Thursday, March 27, 2003

the feeling of just laying back and watch as the remaining days fly past gets so intense day-by-day that it 's hard for you to fight succumbing to that situation. i hate this feeling. then again i love it. i dunno how i'm suppose to feel. it's as if some form of cosmic energy has taken over my whole being and i can't help but to feel elated about the break and at the same time heart-wrenchingly guilty. i'm suppose to use this time to study for the up coming commons. and yet my mind is filled with ways and means i can fill up the days with outings and movies to watch or just to sit down and chill out with my friends. until now, i have never touched my history 1 notes. it was good karma to have gone for malay commons on wednesday instead of capitulating to the desire of staying at home and study. i didn't have to study at all hahaha!

spent the first day of my break in town with my former josephian mates. it was a fun time, tho i must say the movie totally spoilt my whole perception of romantic comedy. "Just Married" was a movie that was a boring and real as a 3-dollar bill.. (if u get the joke). never in my entire life have i wqatched a movie so ickily uniteresting that i was begging to get out of the theatre. seriously, it's not funny! i mean.. i have to give it credit. it did have some moments when i thought the jokes were funny. but it's nothing eng tat or haireez couldn't come up with! it was hell on earth! if you thought "Dude, Where's My Car" was funny and thought to urself that it's an ashton kutcher movie again so it must be that funny. you're dead wrong! it was so painful to watch i fell asleep halfway through. the movie was bad. think of mariah carey in Glitter.. multiply that by 10. u'll find out what i mean. i'm so agitated that i allowed those dumb nutfucks to overpower my decision to watch "The Pianist"! argh! nonetheless, the day turned out alrite after the movie. moods were changed.. we just sat at coffee club express and chat the the night away. left town around a quarter pass nine. catching back on old times was fun.

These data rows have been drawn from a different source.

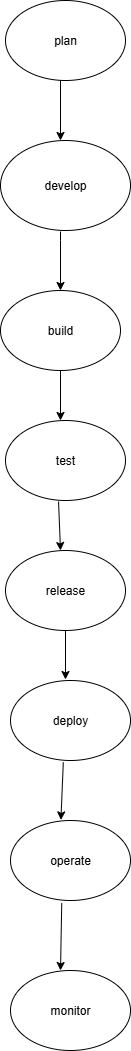

The diagram above was exported from draw.io. Its source (the exported page's mxGraphModel, read from the mxfile embedded in the PNG):
<mxGraphModel dx="1042" dy="562" grid="1" gridSize="10" guides="1" tooltips="1" connect="1" arrows="1" fold="1" page="1" pageScale="1" pageWidth="850" pageHeight="1100" math="0" shadow="0">
  <root>
    <mxCell id="0" />
    <mxCell id="1" parent="0" />
    <mxCell id="twnhoJ46x30Lzf2-ng_F-1" value="plan" style="ellipse;whiteSpace=wrap;html=1;" vertex="1" parent="1">
      <mxGeometry x="305" y="20" width="120" height="80" as="geometry" />
    </mxCell>
    <mxCell id="twnhoJ46x30Lzf2-ng_F-2" value="" style="endArrow=classic;html=1;rounded=0;" edge="1" parent="1">
      <mxGeometry width="50" height="50" relative="1" as="geometry">
        <mxPoint x="360" y="100" as="sourcePoint" />
        <mxPoint x="360" y="160" as="targetPoint" />
      </mxGeometry>
    </mxCell>
    <mxCell id="twnhoJ46x30Lzf2-ng_F-3" value="develop" style="ellipse;whiteSpace=wrap;html=1;" vertex="1" parent="1">
      <mxGeometry x="300" y="160" width="130" height="90" as="geometry" />
    </mxCell>
    <mxCell id="twnhoJ46x30Lzf2-ng_F-5" value="build" style="ellipse;whiteSpace=wrap;html=1;" vertex="1" parent="1">
      <mxGeometry x="300" y="310" width="120" height="80" as="geometry" />
    </mxCell>
    <mxCell id="twnhoJ46x30Lzf2-ng_F-9" value="test" style="ellipse;whiteSpace=wrap;html=1;" vertex="1" parent="1">
      <mxGeometry x="305" y="440" width="120" height="80" as="geometry" />
    </mxCell>
    <mxCell id="twnhoJ46x30Lzf2-ng_F-10" value="" style="endArrow=classic;html=1;rounded=0;" edge="1" parent="1">
      <mxGeometry width="50" height="50" relative="1" as="geometry">
        <mxPoint x="360" y="251" as="sourcePoint" />
        <mxPoint x="360" y="310" as="targetPoint" />
        <Array as="points">
          <mxPoint x="360" y="260" />
        </Array>
      </mxGeometry>
    </mxCell>
    <mxCell id="twnhoJ46x30Lzf2-ng_F-13" value="" style="endArrow=classic;html=1;rounded=0;exitX=0.5;exitY=1;exitDx=0;exitDy=0;" edge="1" parent="1" source="twnhoJ46x30Lzf2-ng_F-5">
      <mxGeometry width="50" height="50" relative="1" as="geometry">
        <mxPoint x="400" y="320" as="sourcePoint" />
        <mxPoint x="360" y="440" as="targetPoint" />
      </mxGeometry>
    </mxCell>
    <mxCell id="twnhoJ46x30Lzf2-ng_F-14" value="deploy" style="ellipse;whiteSpace=wrap;html=1;" vertex="1" parent="1">
      <mxGeometry x="310" y="700" width="120" height="80" as="geometry" />
    </mxCell>
    <mxCell id="twnhoJ46x30Lzf2-ng_F-15" value="release" style="ellipse;whiteSpace=wrap;html=1;" vertex="1" parent="1">
      <mxGeometry x="305" y="570" width="120" height="80" as="geometry" />
    </mxCell>
    <mxCell id="twnhoJ46x30Lzf2-ng_F-16" value="" style="endArrow=classic;html=1;rounded=0;exitX=0.442;exitY=1.013;exitDx=0;exitDy=0;exitPerimeter=0;" edge="1" parent="1" source="twnhoJ46x30Lzf2-ng_F-9">
      <mxGeometry width="50" height="50" relative="1" as="geometry">
        <mxPoint x="360" y="530" as="sourcePoint" />
        <mxPoint x="360" y="570" as="targetPoint" />
      </mxGeometry>
    </mxCell>
    <mxCell id="twnhoJ46x30Lzf2-ng_F-17" value="" style="endArrow=classic;html=1;rounded=0;" edge="1" parent="1">
      <mxGeometry width="50" height="50" relative="1" as="geometry">
        <mxPoint x="365" y="650" as="sourcePoint" />
        <mxPoint x="365" y="699" as="targetPoint" />
        <Array as="points" />
      </mxGeometry>
    </mxCell>
    <mxCell id="twnhoJ46x30Lzf2-ng_F-18" value="operate" style="ellipse;whiteSpace=wrap;html=1;" vertex="1" parent="1">
      <mxGeometry x="310" y="840" width="120" height="80" as="geometry" />
    </mxCell>
    <mxCell id="twnhoJ46x30Lzf2-ng_F-19" value="monitor" style="ellipse;whiteSpace=wrap;html=1;" vertex="1" parent="1">
      <mxGeometry x="310" y="990" width="120" height="80" as="geometry" />
    </mxCell>
    <mxCell id="twnhoJ46x30Lzf2-ng_F-20" value="" style="endArrow=classic;html=1;rounded=0;exitX=0.427;exitY=1.033;exitDx=0;exitDy=0;exitPerimeter=0;" edge="1" parent="1" source="twnhoJ46x30Lzf2-ng_F-18">
      <mxGeometry width="50" height="50" relative="1" as="geometry">
        <mxPoint x="400" y="940" as="sourcePoint" />
        <mxPoint x="360" y="990" as="targetPoint" />
      </mxGeometry>
    </mxCell>
    <mxCell id="twnhoJ46x30Lzf2-ng_F-21" value="" style="endArrow=classic;html=1;rounded=0;exitX=0.44;exitY=1.023;exitDx=0;exitDy=0;exitPerimeter=0;entryX=0.42;entryY=-0.007;entryDx=0;entryDy=0;entryPerimeter=0;" edge="1" parent="1" source="twnhoJ46x30Lzf2-ng_F-14" target="twnhoJ46x30Lzf2-ng_F-18">
      <mxGeometry width="50" height="50" relative="1" as="geometry">
        <mxPoint x="400" y="940" as="sourcePoint" />
        <mxPoint x="450" y="890" as="targetPoint" />
      </mxGeometry>
    </mxCell>
  </root>
</mxGraphModel>

*note to self: raisin scone with whip cream on the side and cafe latte tastes good at coffee club. and cheap too!*

my parents and second brother are going to KL for the weekend. they asked me to come along but i told my second brother to piss off. there's no way i'm going to spoil this break of mine with a 'family vacation' in KL. i dunno why.. i just dun like it! i wanna stay here.. amidst all the SARS thingamabob. besides i can't miss an episode of cooking master boy! hahaha.. yesh nigel i'm a big fan of the show too! u're not the only one that find great joy in watching that show! hahaha... uall shud really give it a shot! it's a cool show.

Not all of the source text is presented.